[What the exercise asks]: From the listing below, how many lines hold the word "message"? Write only the number.
○ ○ ○ ○ ○ ○ ○
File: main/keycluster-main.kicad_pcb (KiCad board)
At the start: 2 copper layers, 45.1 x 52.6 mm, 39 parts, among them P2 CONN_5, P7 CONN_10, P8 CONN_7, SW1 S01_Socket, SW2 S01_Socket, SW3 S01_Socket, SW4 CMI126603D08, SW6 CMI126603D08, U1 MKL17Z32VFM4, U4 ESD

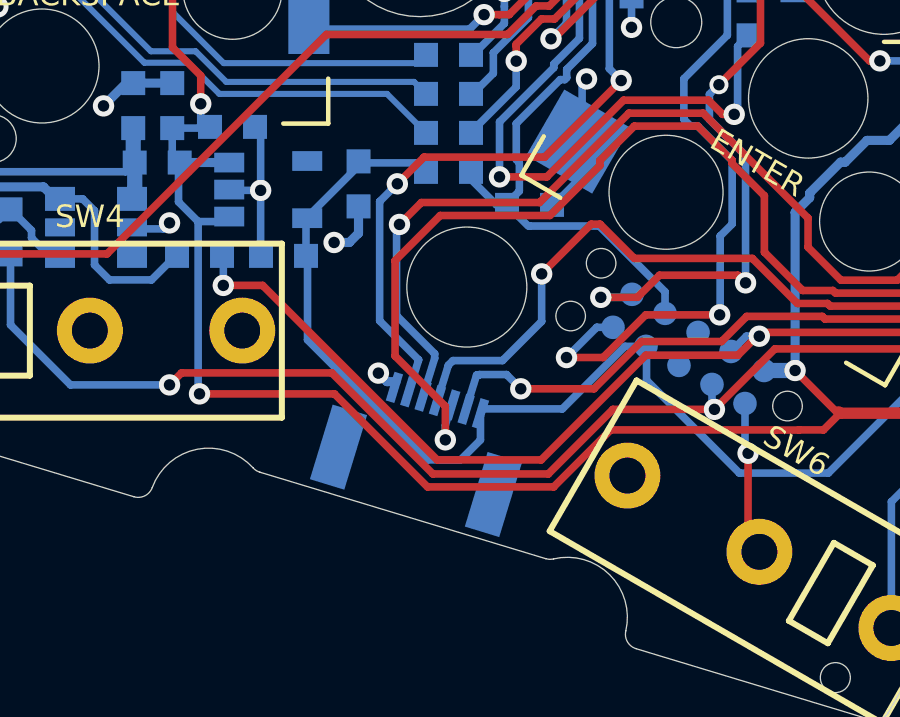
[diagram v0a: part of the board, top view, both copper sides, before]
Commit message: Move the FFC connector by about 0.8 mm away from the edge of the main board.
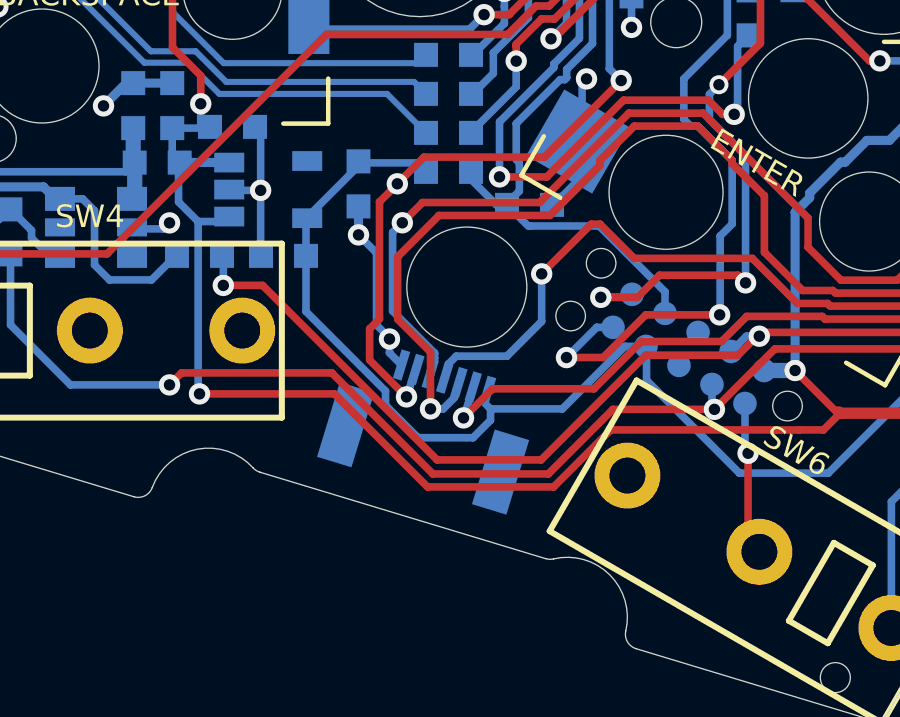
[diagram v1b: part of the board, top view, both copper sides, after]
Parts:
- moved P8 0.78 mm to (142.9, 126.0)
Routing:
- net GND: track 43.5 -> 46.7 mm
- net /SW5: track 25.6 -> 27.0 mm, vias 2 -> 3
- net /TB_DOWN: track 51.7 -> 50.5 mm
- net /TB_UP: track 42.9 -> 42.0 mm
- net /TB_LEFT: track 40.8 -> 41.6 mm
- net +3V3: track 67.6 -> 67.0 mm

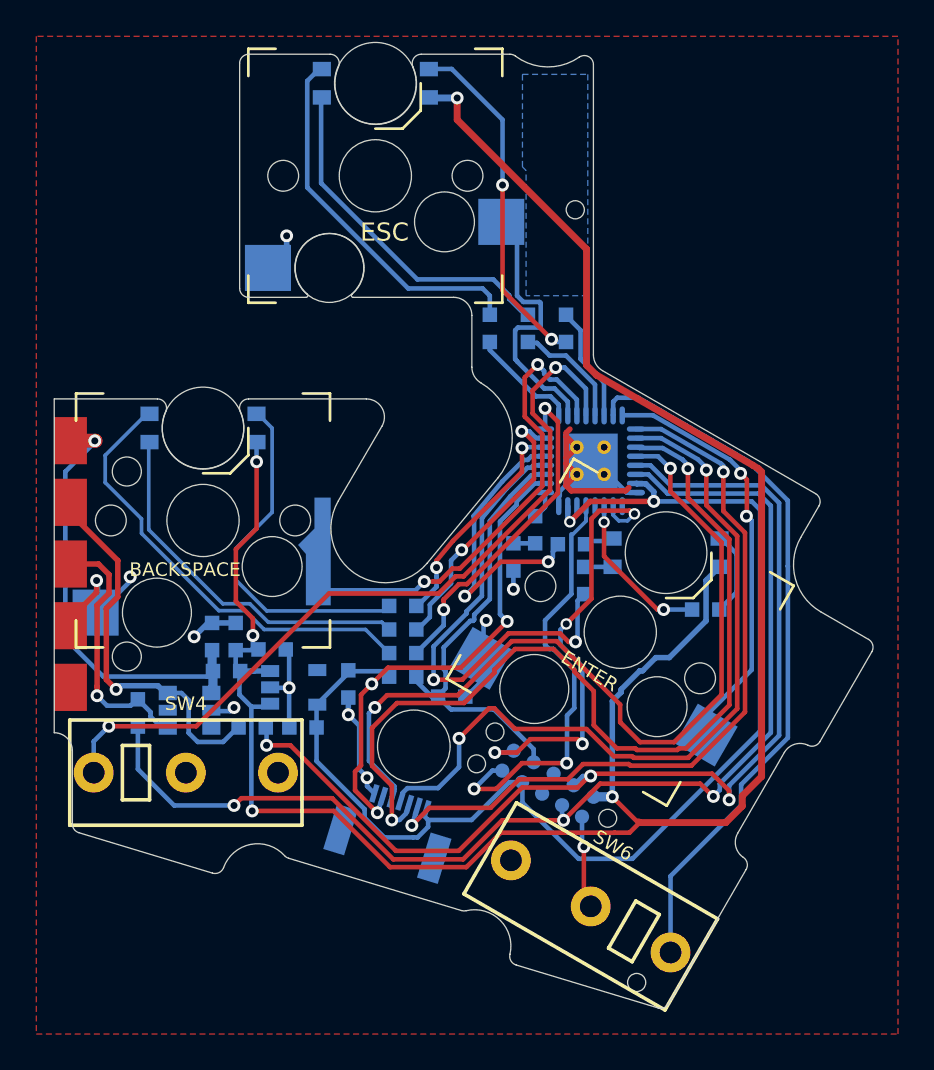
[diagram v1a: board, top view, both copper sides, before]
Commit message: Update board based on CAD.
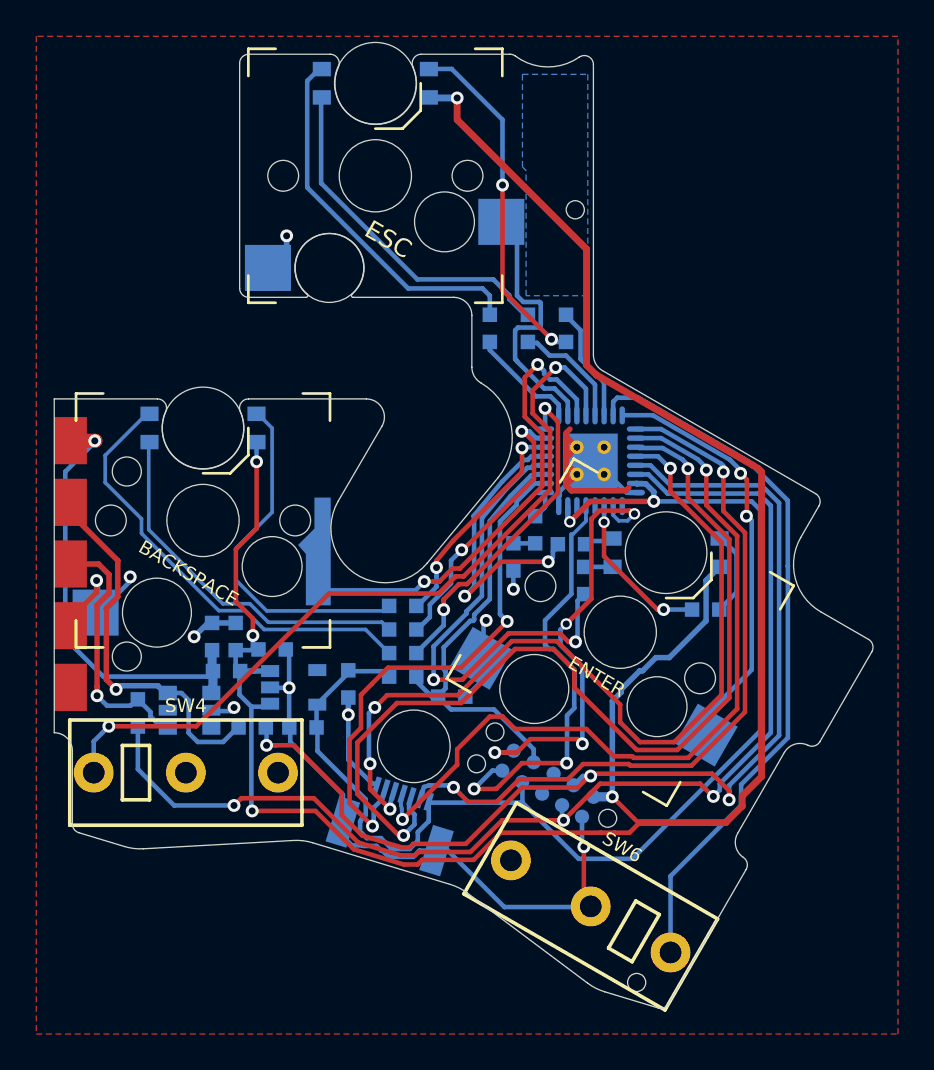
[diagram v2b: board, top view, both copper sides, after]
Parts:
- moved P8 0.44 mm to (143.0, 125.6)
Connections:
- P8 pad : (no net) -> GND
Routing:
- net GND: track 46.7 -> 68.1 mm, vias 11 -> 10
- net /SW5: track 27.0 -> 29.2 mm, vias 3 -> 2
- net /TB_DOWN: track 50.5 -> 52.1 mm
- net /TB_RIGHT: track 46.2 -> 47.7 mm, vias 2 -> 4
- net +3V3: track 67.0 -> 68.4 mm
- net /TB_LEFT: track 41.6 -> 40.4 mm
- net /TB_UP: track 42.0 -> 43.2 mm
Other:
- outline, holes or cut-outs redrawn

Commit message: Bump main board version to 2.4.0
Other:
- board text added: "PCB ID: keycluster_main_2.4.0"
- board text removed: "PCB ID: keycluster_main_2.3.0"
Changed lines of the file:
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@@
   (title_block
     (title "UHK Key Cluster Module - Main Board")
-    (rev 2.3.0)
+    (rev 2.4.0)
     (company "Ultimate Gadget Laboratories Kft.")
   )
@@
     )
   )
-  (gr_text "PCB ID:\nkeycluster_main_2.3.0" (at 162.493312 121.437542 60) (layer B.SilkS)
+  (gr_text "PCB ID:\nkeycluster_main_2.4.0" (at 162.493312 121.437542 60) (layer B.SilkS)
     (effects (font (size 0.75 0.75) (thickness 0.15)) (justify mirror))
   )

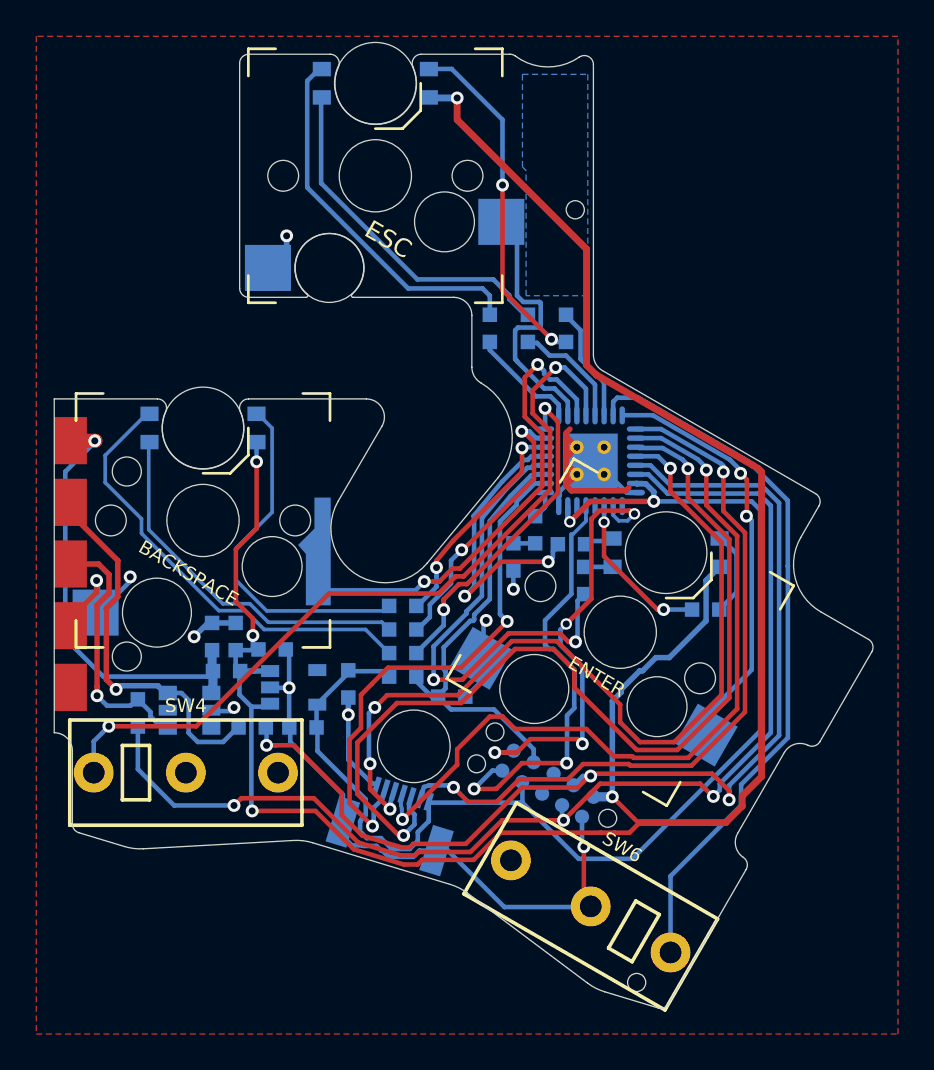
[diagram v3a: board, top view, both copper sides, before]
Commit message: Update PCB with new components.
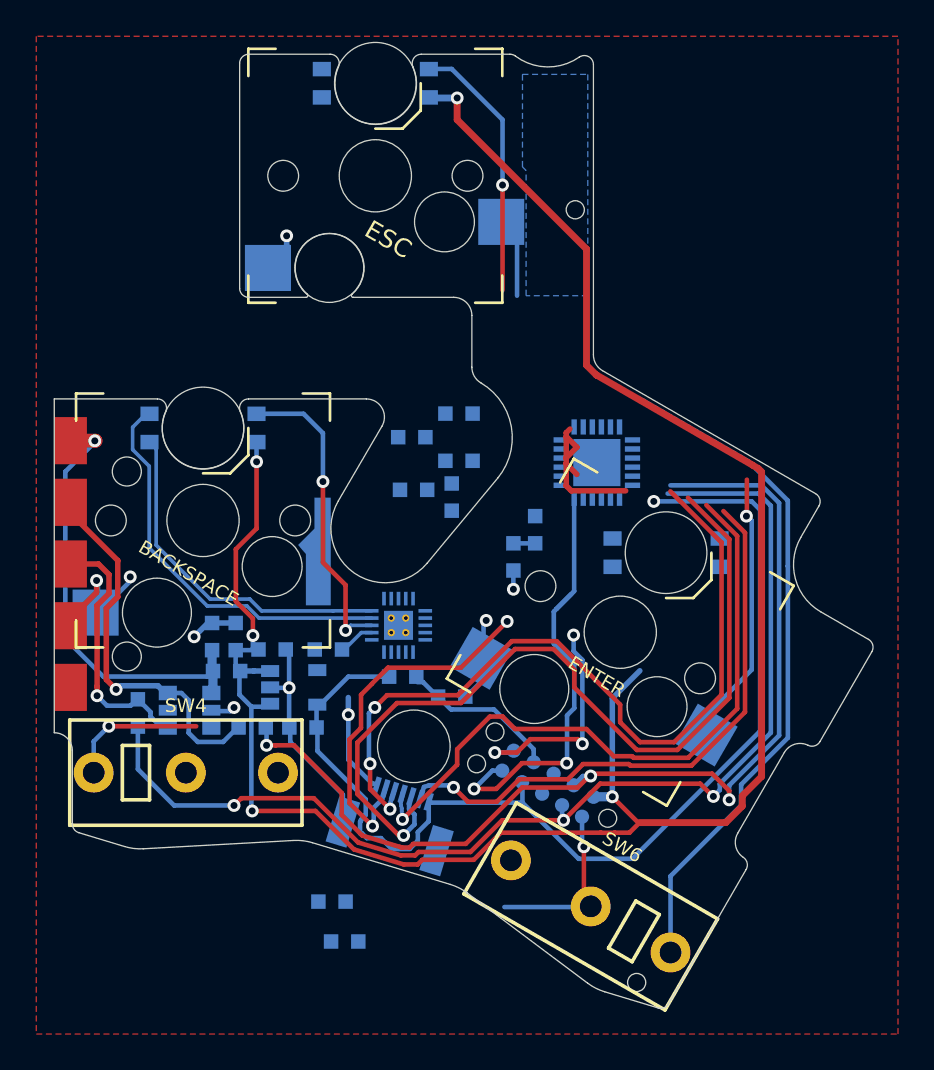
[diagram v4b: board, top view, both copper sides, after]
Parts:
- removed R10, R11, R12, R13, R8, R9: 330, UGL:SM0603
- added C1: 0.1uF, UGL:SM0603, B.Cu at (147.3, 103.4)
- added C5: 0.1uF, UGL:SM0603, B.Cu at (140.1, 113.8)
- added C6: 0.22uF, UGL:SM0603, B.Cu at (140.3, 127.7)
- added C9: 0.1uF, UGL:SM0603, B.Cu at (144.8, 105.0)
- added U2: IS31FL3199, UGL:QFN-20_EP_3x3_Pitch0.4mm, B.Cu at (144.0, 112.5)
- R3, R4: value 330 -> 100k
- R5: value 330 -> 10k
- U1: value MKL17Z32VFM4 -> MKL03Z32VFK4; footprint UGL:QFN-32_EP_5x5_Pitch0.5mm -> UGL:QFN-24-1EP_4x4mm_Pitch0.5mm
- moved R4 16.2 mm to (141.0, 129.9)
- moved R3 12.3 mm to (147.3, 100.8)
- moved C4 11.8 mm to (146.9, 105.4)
○ ○ ○ ○ ○ ○ ○
[Exercise response]: 4